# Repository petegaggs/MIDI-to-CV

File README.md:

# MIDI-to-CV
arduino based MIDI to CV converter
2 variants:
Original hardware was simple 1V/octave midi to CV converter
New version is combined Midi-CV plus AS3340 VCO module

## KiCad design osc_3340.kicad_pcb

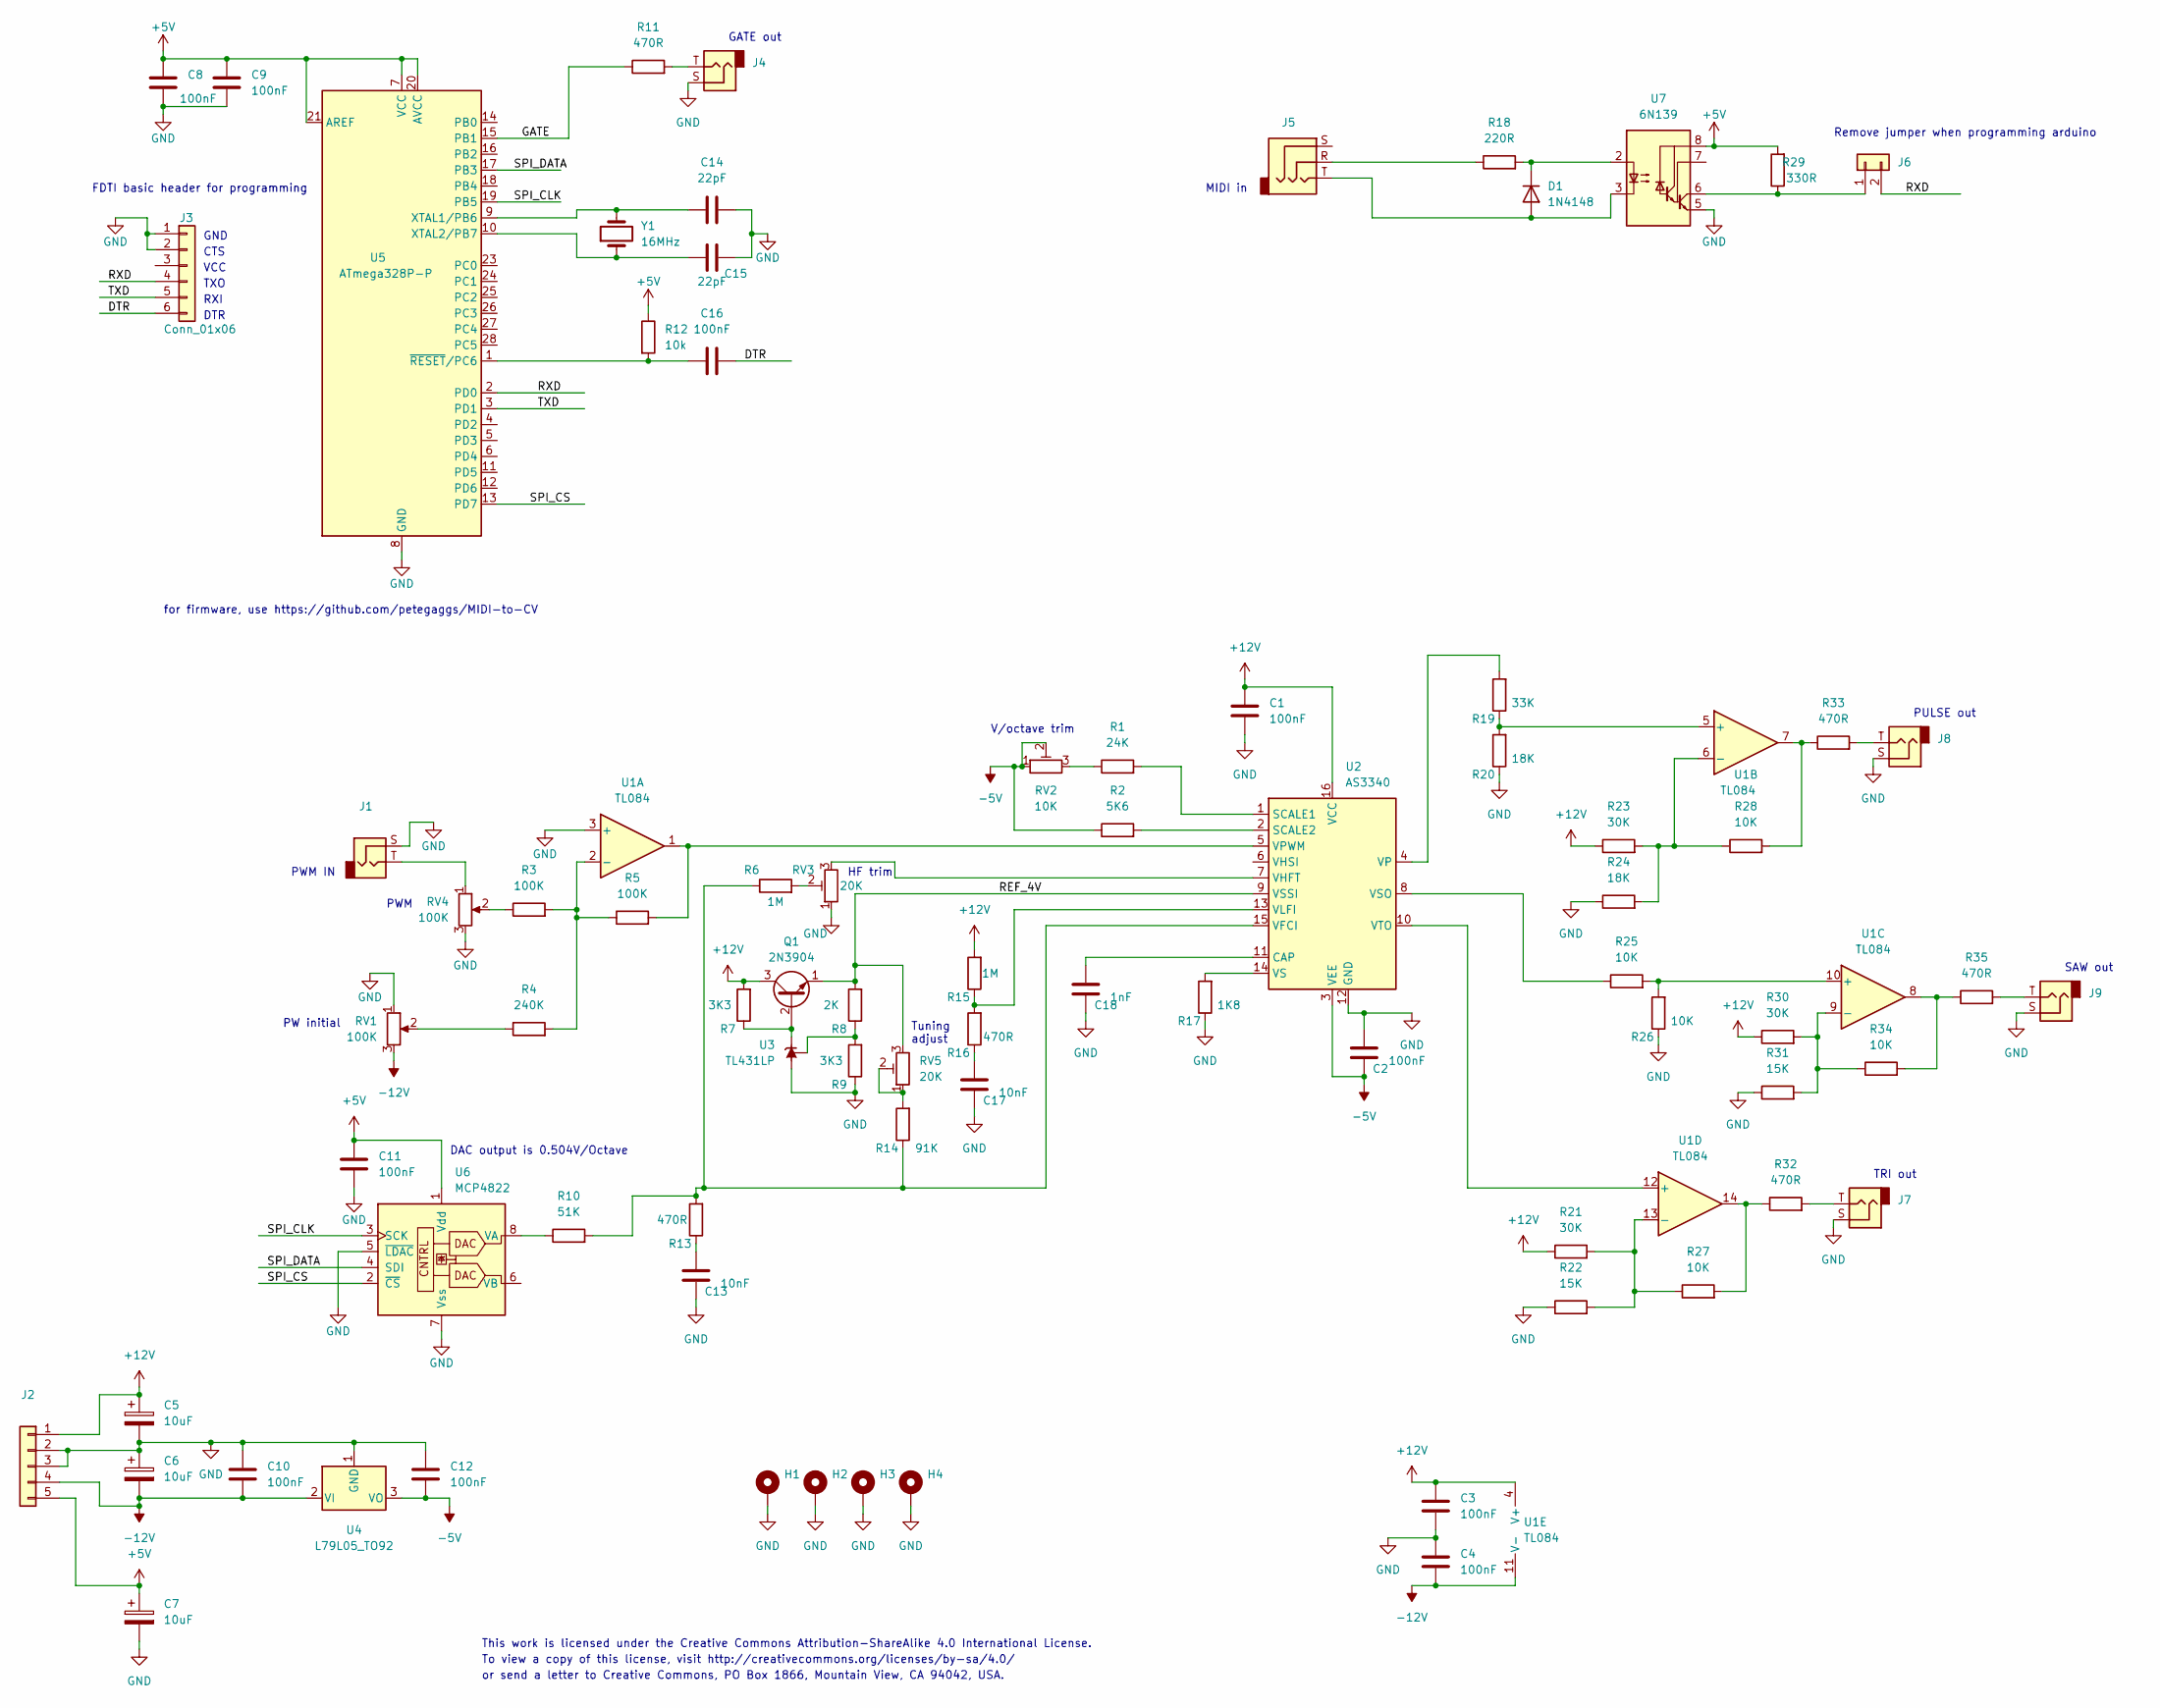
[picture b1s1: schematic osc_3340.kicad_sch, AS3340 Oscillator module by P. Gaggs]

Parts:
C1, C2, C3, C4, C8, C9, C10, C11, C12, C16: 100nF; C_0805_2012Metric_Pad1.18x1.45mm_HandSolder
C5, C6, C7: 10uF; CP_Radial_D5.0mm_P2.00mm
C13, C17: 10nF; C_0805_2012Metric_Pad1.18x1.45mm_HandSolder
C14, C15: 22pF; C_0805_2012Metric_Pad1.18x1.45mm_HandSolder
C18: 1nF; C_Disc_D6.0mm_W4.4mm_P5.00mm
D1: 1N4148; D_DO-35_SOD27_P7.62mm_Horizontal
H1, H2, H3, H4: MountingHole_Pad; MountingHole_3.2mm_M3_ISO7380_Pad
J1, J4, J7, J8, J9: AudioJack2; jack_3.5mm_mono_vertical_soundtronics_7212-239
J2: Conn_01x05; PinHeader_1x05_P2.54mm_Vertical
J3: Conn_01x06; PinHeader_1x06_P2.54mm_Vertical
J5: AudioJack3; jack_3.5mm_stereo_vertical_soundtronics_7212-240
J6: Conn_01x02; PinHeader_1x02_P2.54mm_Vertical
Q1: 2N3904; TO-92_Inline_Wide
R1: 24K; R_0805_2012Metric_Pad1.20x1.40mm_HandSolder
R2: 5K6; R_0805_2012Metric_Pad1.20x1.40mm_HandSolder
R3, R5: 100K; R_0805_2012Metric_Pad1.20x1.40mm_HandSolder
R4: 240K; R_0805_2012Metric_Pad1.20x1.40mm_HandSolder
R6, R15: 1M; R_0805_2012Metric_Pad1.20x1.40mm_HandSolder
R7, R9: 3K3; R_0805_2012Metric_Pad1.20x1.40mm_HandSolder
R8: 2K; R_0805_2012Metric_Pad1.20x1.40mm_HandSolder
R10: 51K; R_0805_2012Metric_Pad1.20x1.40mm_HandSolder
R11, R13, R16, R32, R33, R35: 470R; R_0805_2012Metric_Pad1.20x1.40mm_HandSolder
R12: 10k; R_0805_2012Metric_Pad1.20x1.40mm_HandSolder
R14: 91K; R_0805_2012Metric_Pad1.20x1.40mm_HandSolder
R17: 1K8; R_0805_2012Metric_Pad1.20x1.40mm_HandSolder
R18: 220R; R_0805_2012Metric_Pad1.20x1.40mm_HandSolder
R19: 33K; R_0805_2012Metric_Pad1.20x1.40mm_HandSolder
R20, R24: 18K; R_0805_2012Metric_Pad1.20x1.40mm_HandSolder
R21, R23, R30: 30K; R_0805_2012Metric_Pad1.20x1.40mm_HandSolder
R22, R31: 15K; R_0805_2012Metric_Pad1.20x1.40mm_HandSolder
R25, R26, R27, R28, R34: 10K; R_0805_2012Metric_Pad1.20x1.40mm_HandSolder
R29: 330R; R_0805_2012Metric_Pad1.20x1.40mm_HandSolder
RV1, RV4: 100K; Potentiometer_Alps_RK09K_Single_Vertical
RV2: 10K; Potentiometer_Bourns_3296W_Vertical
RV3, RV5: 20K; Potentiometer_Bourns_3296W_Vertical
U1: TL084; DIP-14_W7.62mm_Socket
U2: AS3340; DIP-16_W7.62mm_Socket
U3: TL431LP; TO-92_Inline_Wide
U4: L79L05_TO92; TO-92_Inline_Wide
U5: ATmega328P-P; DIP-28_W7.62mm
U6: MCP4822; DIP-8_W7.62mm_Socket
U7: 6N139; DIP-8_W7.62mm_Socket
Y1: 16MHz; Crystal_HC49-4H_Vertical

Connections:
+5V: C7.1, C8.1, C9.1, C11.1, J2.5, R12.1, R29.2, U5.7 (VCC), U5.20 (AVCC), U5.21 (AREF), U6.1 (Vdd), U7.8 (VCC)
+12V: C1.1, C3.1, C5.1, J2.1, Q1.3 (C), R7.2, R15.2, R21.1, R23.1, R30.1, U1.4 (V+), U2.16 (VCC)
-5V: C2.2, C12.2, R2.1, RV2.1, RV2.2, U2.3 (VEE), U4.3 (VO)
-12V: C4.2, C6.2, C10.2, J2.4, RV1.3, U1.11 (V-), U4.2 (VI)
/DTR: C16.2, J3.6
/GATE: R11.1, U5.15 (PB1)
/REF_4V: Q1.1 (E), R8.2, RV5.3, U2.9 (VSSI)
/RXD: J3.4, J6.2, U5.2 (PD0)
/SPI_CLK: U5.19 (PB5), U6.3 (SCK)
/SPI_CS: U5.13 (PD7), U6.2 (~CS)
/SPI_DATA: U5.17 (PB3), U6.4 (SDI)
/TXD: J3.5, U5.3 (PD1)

How to complete this task: Look through the data above and return exactly the lines from the one that contains "R25, R26, R27, R28, R34: 10K;" to the one that contains "U7: 6N139; DIP-8_W7.62mm_Socket", inclusive, with nothing else.

The answer:
R25, R26, R27, R28, R34: 10K; R_0805_2012Metric_Pad1.20x1.40mm_HandSolder
R29: 330R; R_0805_2012Metric_Pad1.20x1.40mm_HandSolder
RV1, RV4: 100K; Potentiometer_Alps_RK09K_Single_Vertical
RV2: 10K; Potentiometer_Bourns_3296W_Vertical
RV3, RV5: 20K; Potentiometer_Bourns_3296W_Vertical
U1: TL084; DIP-14_W7.62mm_Socket
U2: AS3340; DIP-16_W7.62mm_Socket
U3: TL431LP; TO-92_Inline_Wide
U4: L79L05_TO92; TO-92_Inline_Wide
U5: ATmega328P-P; DIP-28_W7.62mm
U6: MCP4822; DIP-8_W7.62mm_Socket
U7: 6N139; DIP-8_W7.62mm_Socket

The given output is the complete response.